-- Task objective --
All lines from the one with "chamfer1_side_1 = [part.faces().sort_by_distance(p)[0]" onward, through the last line of the records below, are to be retyped word for word.

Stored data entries
_ _ _ _

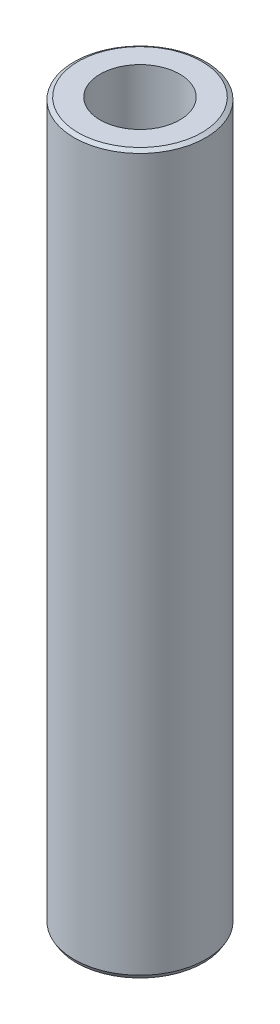
from build123d import *
from OCP.BRepFilletAPI import BRepFilletAPI_MakeChamfer

# Parameters (mm, degrees)
SKETCH1_R           = 55
BOSS_EXTRUDE1_DEPTH = 600
SKETCH2_R           = 33.249363977
CUT_EXTRUDE1_DEPTH  = 606.020660804
CHAMFER1_SIZE       = 1.952145855
CHAMFER1_SIZE2      = 3.381215805


with BuildPart() as part:
    # Sketch1 → Boss-Extrude1 (new body)
    with BuildSketch(Plane(origin=(0, 0, 0), x_dir=(1, 0, 0), z_dir=(0, 1, 0))):
        Circle(SKETCH1_R)
    extrude(amount=BOSS_EXTRUDE1_DEPTH)

    # Sketch2 → Cut-Extrude1 (cut, through all)
    with BuildSketch(Plane(origin=(0, 0, 0), x_dir=(1, 0, 0), z_dir=(0, 1, 0))):
        Circle(SKETCH2_R)
    extrude(amount=CUT_EXTRUDE1_DEPTH, mode=Mode.SUBTRACT)

    # Chamfer1: one chamfer whose edges measure the first distance from different faces: ONE call of the kernel's chamfer builder (chamfer() names one face for all edges)
    chamfer1_edges_1 = [part.edges().sort_by_distance(p)[0] for p in [
        (-55, 600, 0),
    ]]
    chamfer1_side_1 = [part.faces().sort_by_distance(p)[0] for p in [
        (-55, 300, 0),
    ]]
    chamfer1_edges_2 = [part.edges().sort_by_distance(p)[0] for p in [
        (-55, 0, 0),
    ]]
    chamfer1_side_2 = [part.faces().sort_by_distance(p)[0] for p in [
        (-53.444365081, 0, 0),
    ]]
    chamfer1 = BRepFilletAPI_MakeChamfer(part.part.solid().wrapped)
    for e in chamfer1_edges_1:
        chamfer1.Add(CHAMFER1_SIZE, CHAMFER1_SIZE2, e.wrapped, chamfer1_side_1[0].wrapped)  # the first distance lies on this face
    for e in chamfer1_edges_2:
        chamfer1.Add(CHAMFER1_SIZE, CHAMFER1_SIZE2, e.wrapped, chamfer1_side_2[0].wrapped)  # the first distance lies on this face
    add(Compound.cast(chamfer1.Shape()), mode=Mode.REPLACE)


solid = part.part

_ _ _ _

-- Task solution --
    chamfer1_side_1 = [part.faces().sort_by_distance(p)[0] for p in [
        (-55, 300, 0),
    ]]
    chamfer1_edges_2 = [part.edges().sort_by_distance(p)[0] for p in [
        (-55, 0, 0),
    ]]
    chamfer1_side_2 = [part.faces().sort_by_distance(p)[0] for p in [
        (-53.444365081, 0, 0),
    ]]
    chamfer1 = BRepFilletAPI_MakeChamfer(part.part.solid().wrapped)
    for e in chamfer1_edges_1:
        chamfer1.Add(CHAMFER1_SIZE, CHAMFER1_SIZE2, e.wrapped, chamfer1_side_1[0].wrapped)  # the first distance lies on this face
    for e in chamfer1_edges_2:
        chamfer1.Add(CHAMFER1_SIZE, CHAMFER1_SIZE2, e.wrapped, chamfer1_side_2[0].wrapped)  # the first distance lies on this face
    add(Compound.cast(chamfer1.Shape()), mode=Mode.REPLACE)


solid = part.part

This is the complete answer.